# Plastic track design software



## oddrods (Feb 6, 2007)

I know this has been covered but my search function isn't working right. 
Does anyone have a link to software that will let me design a layout using Tomy track? It must run on Vista. Greg Braun use to but he no longer supports it. Ultimate racer 3.0 was another but it says nothing about Vista. I don't need yet another discussion on how bad Vista is either as everyone seems to want to do. It's what came with the computer and I can't help that. Thanks, Rob


----------



## PumaT (Jul 17, 2008)

Vista should be sufficiently backward compatible to run Ultimate Racer 3.0. Have you tried it?
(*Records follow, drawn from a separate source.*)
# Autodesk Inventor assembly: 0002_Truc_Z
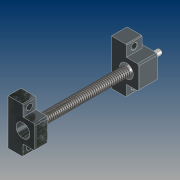
[picture p0: Inventor's stored thumbnail of the model, 180x180]
Saved by Autodesk Inventor 2021 (Build 250183000, 183)
## iProperties
Created: 2024-04-08
Part Number: 0002_Truc_Z
Document SubType Name: Assembly
Designer: Admin
Author: Admin
## Documents named in this file (6)
- C:\Users\Admin\Desktop\DO_AN_TOT_NGHIEP_2024\Mechanical\Design_in_3D\Version_2\0002_Truc_Z.iam
- C:\Users\Admin\Desktop\DO_AN_TOT_NGHIEP_2024\Mechanical\Design_in_3D\Library\Truc_vit_1405\Goi_do_A.ipt
- C:\Users\Admin\Desktop\DO_AN_TOT_NGHIEP_2024\Mechanical\Design_in_3D\Library\Truc_vit_1405\Goi_do_B.ipt
- C:\Users\Admin\Desktop\DO_AN_TOT_NGHIEP_2024\Mechanical\Design_in_3D\Library\Truc_vit_1405\Truc_vit.ipt
- C:\Users\Admin\Desktop\DO_AN_TOT_NGHIEP_2024\Mechanical\Design_in_3D\Library\Truc_vit_1405\Vong_chan.ipt
- C:\Users\Admin\Documents\Inventor\Content Center Files\R2021\en-US\BS EN ISO 4762\BS EN ISO 4762 - M3 x 6(1).ipt
## Components (8 placed, 5 different names)
1. Goi_do_A:1 — Insert:2, Flush:1
2. Goi_do_B:1 — Insert:1, Insert:3, Flush:1, Insert:4, Insert:5, Insert:6, Insert:7
3. Truc_vit:1 — Insert:1, Insert:2
4. Vong_chan:1 — Insert:3
5. BS EN ISO 4762 - Metric M3 x 6:1 — Insert:4
6. BS EN ISO 4762 - Metric M3 x 6:2 — Insert:5
7. BS EN ISO 4762 - Metric M3 x 6:3 — Insert:6
8. BS EN ISO 4762 - Metric M3 x 6:4 — Insert:7
## Relationships (8: Insert 7, Flush 1)
- Insert:1: Goi_do_B:1 ↔ Truc_vit:1
- Insert:2: Goi_do_A:1 ↔ Truc_vit:1
- Insert:3 (-1 mm): Goi_do_B:1 ↔ Vong_chan:1
- Flush:1: Goi_do_A:1 ↔ Goi_do_B:1
- Insert:4: Goi_do_B:1 ↔ BS EN ISO 4762 - Metric M3 x 6:1
- Insert:5: Goi_do_B:1 ↔ BS EN ISO 4762 - Metric M3 x 6:2
- Insert:6: Goi_do_B:1 ↔ BS EN ISO 4762 - Metric M3 x 6:3
- Insert:7: Goi_do_B:1 ↔ BS EN ISO 4762 - Metric M3 x 6:4

I would be interested to know your results.


----------



## SwamperGene (Dec 1, 2003)

Free track design software, works well enough that Carrera licensed the track editor from them:

http://www.slotcarmanager.de/en/all_frames_e.html

Definitely less of a resource hog than UR, too.


----------



## slotcarwilly200 (Apr 3, 2003)

does tracker 2000 work on vista


----------



## mdeland (Apr 22, 2008)

*Tracker 2000 and vista*

I use Tracker regularly on XP and Vista. On Vista, the only issue is the tag showing the lap length sticks to the cursor until you move it out of the work window.:hat:


----------